Information from: World health organization & center for disease control and prevention
Adults age 18-65
1. 150–300 minutes of moderate-intensity aerobic physical activity; =21 min daily

2. 75–150 minutes of vigorous-intensity aerobic physical activity; or an equivalent combination of moderate- and vigorous-intensity activity throughout the week.= 10 min daily

3. Muscle-strengthening activities at moderate or greater intensity that involve all major muscle groups on 2 or more days a week, as these provide additional health benefits. 2 days a week.

Aerobic activity or “cardio” gets you breathing harder and your heart beating faster. From pushing a lawn mower, to taking a dance class, to walking or biking to the store.
Intensity is how hard your body is working during a physical activity.
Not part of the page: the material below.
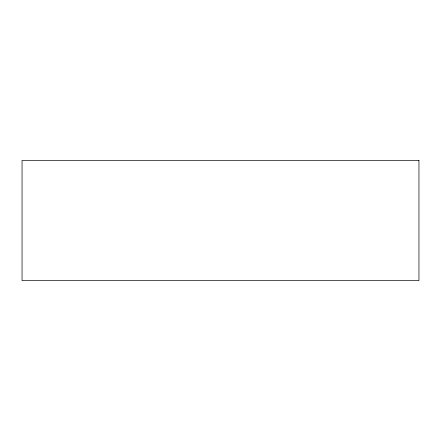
<?xml version="1.0" encoding="UTF-8"?>
<svg xmlns="http://www.w3.org/2000/svg" width="441" height="441" viewBox="0 0 441 441"><rect width="100%" height="100%" fill="white"/><g stroke="black" fill="none" stroke-linecap="round" stroke-linejoin="round"><path stroke-width="0.66" d="M418.95 160.386L22.05 160.386L22.05 280.614L418.95 280.614L418.95 160.386"/></g></svg>

Moderate-intensity aerobic physical activity means you’re working hard enough to raise your heart rate and break a sweat. One way to tell if it’s a moderate-intensity aerobic activity is that you’ll be able to talk, but not sing the words to your favorite song. Here are some examples of activities that require moderate effort:
Walking fast
Doing water aerobics
Riding a bike on level ground or with few hills
Playing doubles tennis
Pushing a lawn mower

Vigorous-intensity aerobic activity means you’re breathing hard and fast, and your heart rate has gone up quite a bit. You may use the Talk Test to gauge the intensity of your aerobic physical activity. If you’re being active at a vigorous level, you won’t be able to say more than a few words without pausing for a breath. Here are some examples of activities that require vigorous effort:
Jogging or running
Swimming laps
Riding a bike fast or on hills
Playing singles tennis
Playing basketball

If you are doing moderate-intensity physical activity, such as walking or hiking, you can talk, but not sing during the activity.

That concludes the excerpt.